Drug use in the 1970s rose considerably, and when Percocet and Vicodin came on the market, doctors had for some time avoided prescribing these highly addictive drugs to patients.  They were concerned about opioid abuse during the 80s, but things started to change in the 1990s.

Over the years there has been much said in defense of or to lobby against the use of opioids , and these viewpoints were established for a variety of reasons.  In March of 2016, CDC Director Dr. Tom Frieden wrote in the New England Journal of Medicine that there is still not enough data about the long-term use of prescription opioids.  He also wrote:

We know of no other medication routinely used for a nonfatal condition that kills patients so frequently.

What’s so frightening about this epidemic is that it doesn’t discriminate based on age, job, income, or social status.  It includes school teachers, farmers, bankers – not just homeless people in the large cities of Denver, Chicago, or the Quad cities.  The following video recounts some of that horrible reality.

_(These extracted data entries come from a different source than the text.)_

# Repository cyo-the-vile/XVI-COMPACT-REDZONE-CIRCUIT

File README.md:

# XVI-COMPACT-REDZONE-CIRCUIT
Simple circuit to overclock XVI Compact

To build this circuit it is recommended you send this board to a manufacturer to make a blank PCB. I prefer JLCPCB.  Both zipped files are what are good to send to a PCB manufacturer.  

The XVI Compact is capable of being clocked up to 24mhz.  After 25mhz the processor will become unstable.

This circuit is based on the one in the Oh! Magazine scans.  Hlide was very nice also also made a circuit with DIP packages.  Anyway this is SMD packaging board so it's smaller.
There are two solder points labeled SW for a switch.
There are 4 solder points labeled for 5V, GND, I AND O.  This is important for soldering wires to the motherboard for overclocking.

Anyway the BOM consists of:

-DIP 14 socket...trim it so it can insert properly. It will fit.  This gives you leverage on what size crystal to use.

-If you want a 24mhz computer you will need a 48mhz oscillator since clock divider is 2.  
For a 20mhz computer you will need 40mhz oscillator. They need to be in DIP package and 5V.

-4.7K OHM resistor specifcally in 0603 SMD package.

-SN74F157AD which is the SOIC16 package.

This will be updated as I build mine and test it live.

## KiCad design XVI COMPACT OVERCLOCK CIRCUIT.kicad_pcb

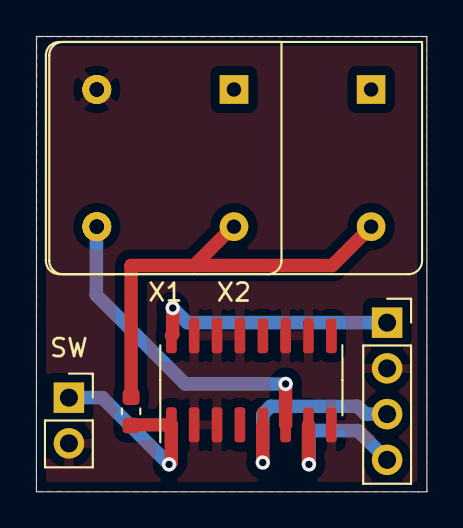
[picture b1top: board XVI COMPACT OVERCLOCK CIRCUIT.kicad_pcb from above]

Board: 2 copper layers, 21.7 x 25.3 mm, 6 parts (0 on the bottom side), 5 nets.

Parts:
J2: Conn_01x04; PinSocket_1x04_P2.54mm_Vertical
R1: 4.7K; R_0603_1608Metric
SW: FOR SWITCH; PinSocket_1x02_P2.54mm_Vertical
U1: SOIC16; SOIC-16_3.9x9.9mm_P1.27mm
X1: CXO_DIP8; Oscillator_DIP-8
X2: CXO_DIP14; Oscillator_DIP-14

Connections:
/GND: J2.2, SW.2, U1.2, U1.3, U1.8, U1.10, U1.11, U1.13, U1.14, U1.15, X1.4, X2.7
/I: J2.3, U1.5
/O: J2.4, U1.7
/VCC: J2.1, R1.1, R1.2, SW.1, U1.1, U1.16, X1.8, X2.14
unnamed: U1.6, X1.5, X2.8
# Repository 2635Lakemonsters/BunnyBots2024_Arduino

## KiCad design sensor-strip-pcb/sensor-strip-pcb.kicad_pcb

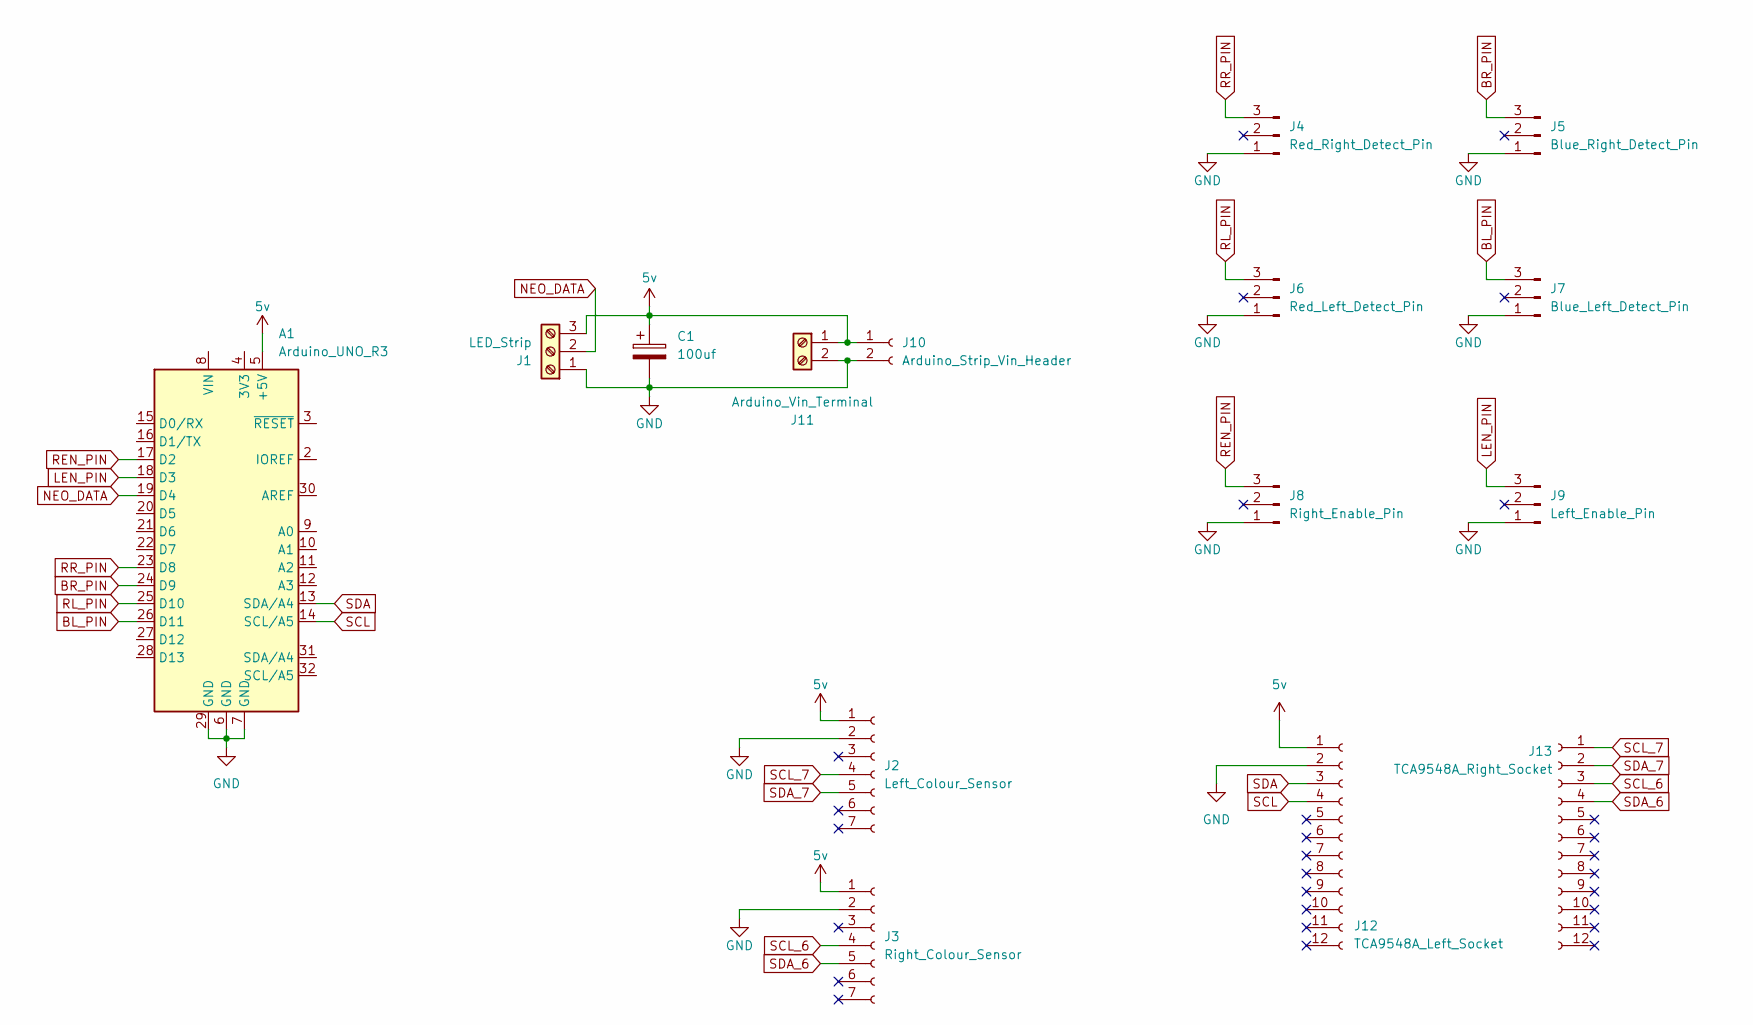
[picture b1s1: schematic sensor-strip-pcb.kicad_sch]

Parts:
A1: Arduino_UNO_R3; Arduino_UNO_R3_WithMountingHoles
C1: 100uf; CP_Radial_D8.0mm_P5.00mm
J1: LED_Strip; TerminalBlock_bornier-3_P5.08mm
J2: Left_Colour_Sensor; PinHeader_1x07_P2.54mm_Vertical
J3: Right_Colour_Sensor; PinHeader_1x07_P2.54mm_Vertical
J4: Red_Right_Detect_Pin; PinHeader_1x03_P2.54mm_Vertical
J5: Blue_Right_Detect_Pin; PinHeader_1x03_P2.54mm_Vertical
J6: Red_Left_Detect_Pin; PinHeader_1x03_P2.54mm_Vertical
J7: Blue_Left_Detect_Pin; PinHeader_1x03_P2.54mm_Vertical
J8: Right_Enable_Pin; PinHeader_1x03_P2.54mm_Vertical
J9: Left_Enable_Pin; PinHeader_1x03_P2.54mm_Vertical
J10: Arduino_Strip_Vin_Header; PinSocket_1x02_P2.54mm_Vertical
J11: Arduino_Vin_Terminal; TerminalBlock_bornier-2_P5.08mm
J12: TCA9548A_Left_Socket; PinSocket_1x12_P2.54mm_Vertical
J13: TCA9548A_Right_Socket; PinSocket_1x12_P2.54mm_Vertical

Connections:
5v: A1.5 (+5V), C1.1, J1.3, J2.1, J3.1, J10.1, J11.1, J12.1
BL_PIN: A1.26 (D11), J7.3
BR_PIN: A1.24 (D9), J5.3
GND: A1.6 (GND), A1.7 (GND), A1.29 (GND), C1.2, J1.1, J2.2, J3.2, J4.1, J5.1, J6.1, J7.1, J8.1, J9.1, J10.2, J11.2, J12.2
LEN_PIN: A1.18 (D3), J9.3
NEO_DATA: A1.19 (D4), J1.2
REN_PIN: A1.17 (D2), J8.3
RL_PIN: A1.25 (D10), J6.3
RR_PIN: A1.23 (D8), J4.3
SCL: A1.14 (SCL/A5), J12.4
SCL_6: J3.4, J13.3
SCL_7: J2.4, J13.1
SDA: A1.13 (SDA/A4), J12.3
SDA_6: J3.5, J13.4
SDA_7: J2.5, J13.2

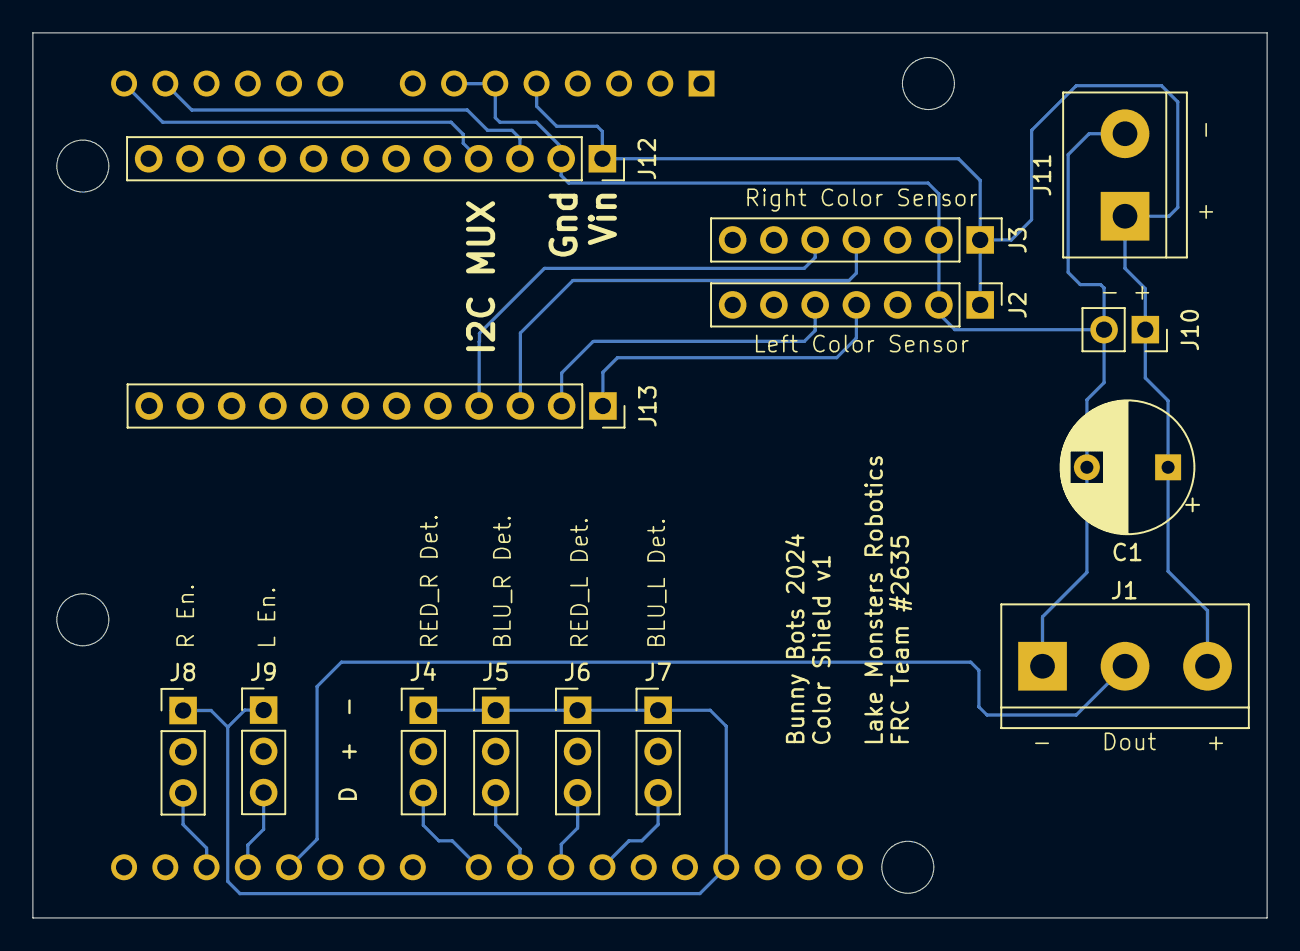
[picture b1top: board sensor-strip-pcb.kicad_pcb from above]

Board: 2 copper layers, 76.0 x 54.5 mm, 15 parts (1 on the bottom side), 15 nets.

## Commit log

2024-10-19 Init Commit
2024-10-24 Side index changed to enum
2024-10-24 Create RGBSensorExample.ino
    I got the color sensor to work, and did some multiplexer stuff :)
2024-10-29 Sensors and LED integration
2024-11-09 Separated left and right side color display
2024-11-09 Refactoring code
    Next session we will finish refactoring
2024-11-14 Improved detection process and starter calibration values
    We changed the integration time of the color sensor to be 2.4 milliseconds rather than 614. And changed the threshold value system. Progressed on code cleaning.
2024-11-19 Added output for Robo Rio and made functioning enable pins.
2024-11-21 Input and output DIO pins demo code
2024-11-21 Initial commit for PCB schematics
2024-11-23 Updated layout and traces, needs I2C MUX
2024-11-24 Finalized layout and trace routing
2024-11-27 Finished silkscreen, finalized v1
2024-12-12 Changed Constants
2024-12-13 Added second strip to example
2024-12-13 Added second strip and recalibrated
2024-12-20 Added small startup animation, removed enable pins, and is brighter
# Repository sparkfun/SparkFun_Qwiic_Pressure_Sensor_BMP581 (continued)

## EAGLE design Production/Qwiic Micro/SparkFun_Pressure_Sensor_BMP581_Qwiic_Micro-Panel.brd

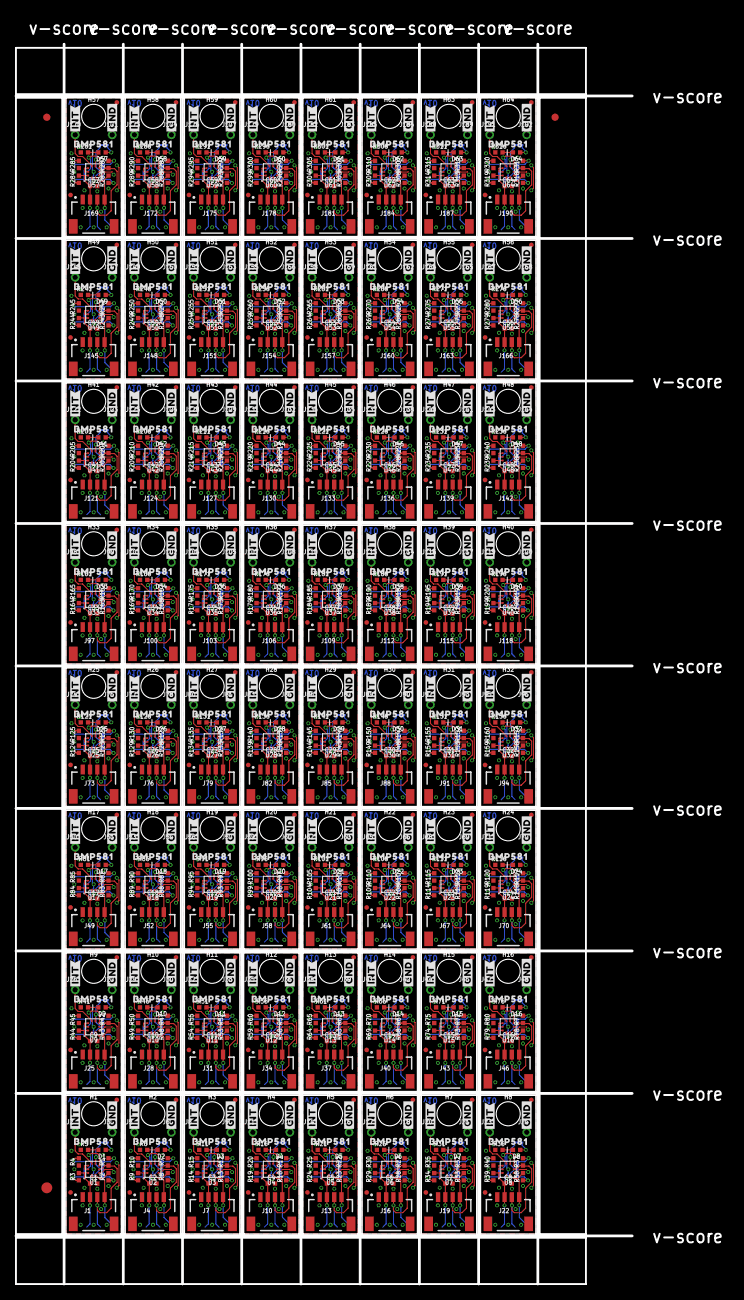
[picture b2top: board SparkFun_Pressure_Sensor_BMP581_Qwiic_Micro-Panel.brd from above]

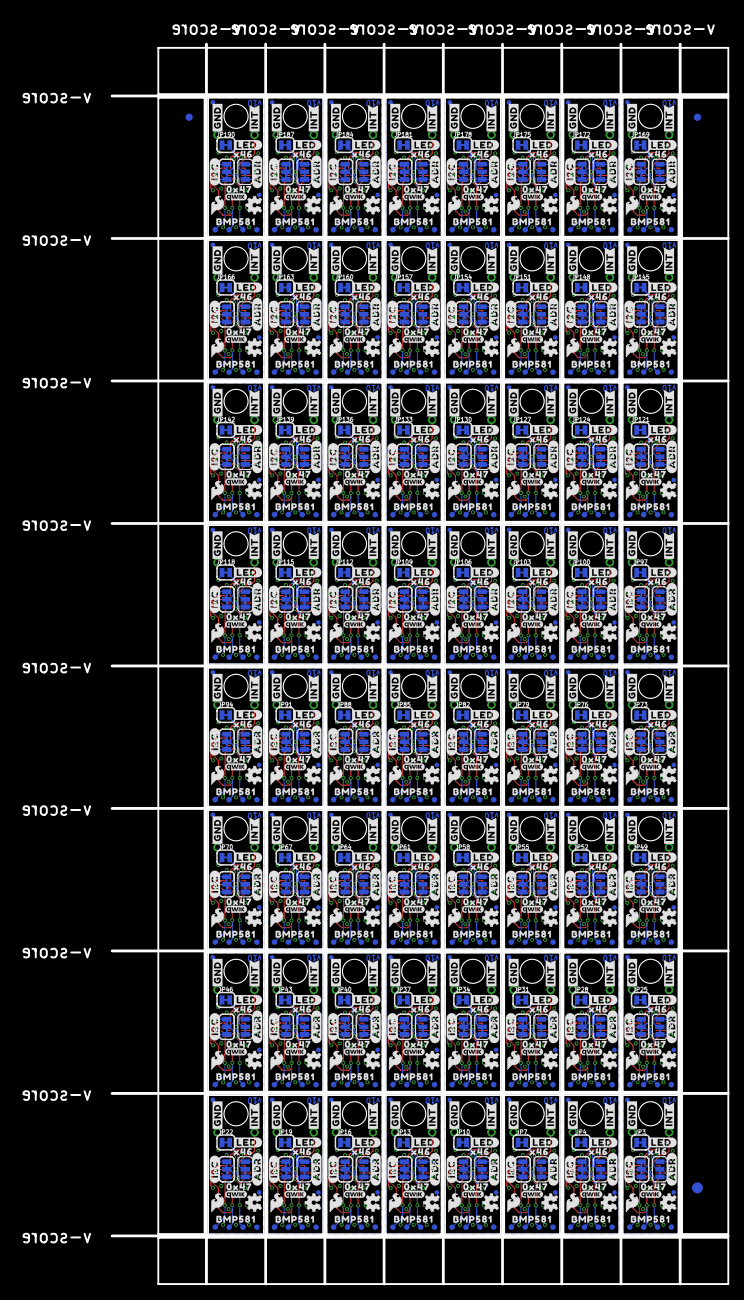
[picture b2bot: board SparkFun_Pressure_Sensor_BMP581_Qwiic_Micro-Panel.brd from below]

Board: 2 copper layers, 84.6 x 170.2 mm, 2502 parts (1283 on the bottom side), 768 nets.

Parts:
C1, C2, C3, C4, C5, C6, C7, C8, C9, C10, C11, C12, C13, C14, C15, C16, C17, C18, C19, C20, C21, C22, C23, C24, C25, C26, C27, C28, C29, C30, C31, C32, C33, C34, C35, C36, C37, C38, C39, C40, C41, C42, C43, C44, C45, C46, C47, C48, C49, C50, C51, C52, C53, C54, C55, C56, C57, C58, C59, C60, C61, C62, C63, C64: 0.1uF; 0402-TIGHT
D1, D2, D3, D4, D5, D6, D7, D8, D9, D10, D11, D12, D13, D14, D15, D16, D17, D18, D19, D20, D21, D22, D23, D24, D25, D26, D27, D28, D29, D30, D31, D32, D33, D34, D35, D36, D37, D38, D39, D40, D41, D42, D43, D44, D45, D46, D47, D48, D49, D50, D51, D52, D53, D54, D55, D56, D57, D58, D59, D60, D61, D62, D63, D64: RED; LED-0402
E$1, E$2, E$3, E$4: FIDUCIAL-1X2
E$5, E$6: FIDUCIAL-1.5X3
FD1, FD2, FD3, FD4, FD5, FD6, FD7, FD8, FD9, FD10, FD11, FD12, FD13, FD14, FD15, FD16, FD17, FD18, FD19, FD20, FD21, FD22, FD23, FD24, FD25, FD26, FD27, FD28, FD29, FD30, FD31, FD32, FD33, FD34, FD35, FD36, FD37, FD38, FD39, FD40, FD41, FD42, FD43, FD44, FD45, FD46, FD47, FD48, FD49, FD50, FD51, FD52, FD53, FD54, FD55, FD56, FD57, FD58, FD59, FD60, FD61, FD62, FD63, FD64, FD65, FD66, FD67, FD68, FD69, FD70, FD71, FD72, FD73, FD74, FD75, FD76, FD77, FD78, FD79, FD80, FD81, FD82, FD83, FD84, FD85, FD86, FD87, FD88, FD89, FD90, FD91, FD92, FD93, FD94, FD95, FD96, FD97, FD98, FD99, FD100, FD101, FD102, FD103, FD104, FD105, FD106, FD107, FD108, FD109, FD110, FD111, FD112, FD113, FD114, FD115, FD116, FD117, FD118, FD119, FD120, FD121, FD122, FD123, FD124, FD125, FD126, FD127, FD128, FD129, FD130, FD131, FD132, FD133, FD134, FD135, FD136, FD137, FD138, FD139, FD140, FD141, FD142, FD143, FD144, FD145, FD146, FD147, FD148, FD149, FD150, FD151, FD152, FD153, FD154, FD155, FD156, FD157, FD158, FD159, FD160, FD161, FD162, FD163, FD164, FD165, FD166, FD167, FD168, FD169, FD170, FD171, FD172, FD173, FD174, FD175, FD176, FD177, FD178, FD179, FD180, FD181, FD182, FD183, FD184, FD185, FD186, FD187, FD188, FD189, FD190, FD191, FD192, FD193, FD194, FD195, FD196, FD197, FD198, FD199, FD200, FD201, FD202, FD203, FD204, FD205, FD206, FD207, FD208, FD209, FD210, FD211, FD212, FD213, FD214, FD215, FD216, FD217, FD218, FD219, FD220, FD221, FD222, FD223, FD224, FD225, FD226, FD227, FD228, FD229, FD230, FD231, FD232, FD233, FD234, FD235, FD236, FD237, FD238, FD239, FD240, FD241, FD242, FD243, FD244, FD245, FD246, FD247, FD248, FD249, FD250, FD251, FD252, FD253, FD254, FD255, FD256: FIDUCIALUFIDUCIAL; FIDUCIAL-MICRO
FRAME1, FRAME2, FRAME3, FRAME4, FRAME5, FRAME6, FRAME7, FRAME8, FRAME9, FRAME10, FRAME11, FRAME12, FRAME13, FRAME14, FRAME15, FRAME16, FRAME17, FRAME18, FRAME19, FRAME20, FRAME21, FRAME22, FRAME23, FRAME24, FRAME25, FRAME26, FRAME27, FRAME28, FRAME29, FRAME30, FRAME31, FRAME32, FRAME33, FRAME34, FRAME35, FRAME36, FRAME37, FRAME38, FRAME39, FRAME40, FRAME41, FRAME42, FRAME43, FRAME44, FRAME45, FRAME46, FRAME47, FRAME48, FRAME49, FRAME50, FRAME51, FRAME52, FRAME53, FRAME54, FRAME55, FRAME56, FRAME57, FRAME58, FRAME59, FRAME60, FRAME61, FRAME62, FRAME63, FRAME64: FRAME-LETTER; CREATIVE_COMMONS
H1, H2, H3, H4, H5, H6, H7, H8, H9, H10, H11, H12, H13, H14, H15, H16, H17, H18, H19, H20, H21, H22, H23, H24, H25, H26, H27, H28, H29, H30, H31, H32, H33, H34, H35, H36, H37, H38, H39, H40, H41, H42, H43, H44, H45, H46, H47, H48, H49, H50, H51, H52, H53, H54, H55, H56, H57, H58, H59, H60, H61, H62, H63, H64: STAND-OFF
J1, J4, J7, J10, J13, J16, J19, J22, J25, J28, J31, J34, J37, J40, J43, J46, J49, J52, J55, J58, J61, J64, J67, J70, J73, J76, J79, J82, J85, J88, J91, J94, J97, J100, J103, J106, J109, J112, J115, J118, J121, J124, J127, J130, J133, J136, J139, J142, J145, J148, J151, J154, J157, J160, J163, J166, J169, J172, J175, J178, J181, J184, J187, J190: QWIIC_RIGHT_ANGLE; JST04_1MM_RA
J2, J3, J5, J6, J8, J9, J11, J12, J14, J15, J17, J18, J20, J21, J23, J24, J26, J27, J29, J30, J32, J33, J35, J36, J38, J39, J41, J42, J44, J45, J47, J48, J50, J51, J53, J54, J56, J57, J59, J60, J62, J63, J65, J66, J68, J69, J71, J72, J74, J75, J77, J78, J80, J81, J83, J84, J86, J87, J89, J90, J92, J93, J95, J96, J98, J99, J101, J102, J104, J105, J107, J108, J110, J111, J113, J114, J116, J117, J119, J120, J122, J123, J125, J126, J128, J129, J131, J132, J134, J135, J137, J138, J140, J141, J143, J144, J146, J147, J149, J150, J152, J153, J155, J156, J158, J159, J161, J162, J164, J165, J167, J168, J170, J171, J173, J174, J176, J177, J179, J180, J182, J183, J185, J186, J188, J189, J191, J192: 1X01_1MM_NO_SILK
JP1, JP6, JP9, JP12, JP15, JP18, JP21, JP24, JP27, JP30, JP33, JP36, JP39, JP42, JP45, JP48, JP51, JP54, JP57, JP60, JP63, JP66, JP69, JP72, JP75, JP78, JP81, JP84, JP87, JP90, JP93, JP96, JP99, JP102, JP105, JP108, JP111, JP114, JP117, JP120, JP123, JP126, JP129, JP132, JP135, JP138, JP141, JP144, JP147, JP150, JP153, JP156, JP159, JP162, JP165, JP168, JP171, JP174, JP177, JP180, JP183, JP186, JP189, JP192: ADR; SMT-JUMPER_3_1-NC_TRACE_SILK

Our nation’s drug crisis is spreading throughout the U.S., and some experts are saying that small, rural communities are being impacted the most by overdose deaths.  The CDC goes so far as to say that combining life in rural areas and low income in those areas is proven to increase the risk of prescription opioid abuse and overdose.  Dr. Jack Westfall reminds rural communities to guard themselves, saying when rural communities suffer, it raises the general stress of everyone, and many people are using opiates as anxiety and stress reducers to relieve the pain.

Do you suspect that someone you know may have an addiction?  Here are five warning signs:

  • Still using prescription pain medicines two to three months after an acute injury or surgery.
  • Runs out of prescription pain medicines earlier than expected.
  • Borrows or buys pain medicines from a friend or stranger.
  • Irritability or anger when asked about the use of prescription pain medicine.
  • Free time spent trying to find opioid pain medicines.

Be part of the battle to fight back against this serious outbreak that touches us all.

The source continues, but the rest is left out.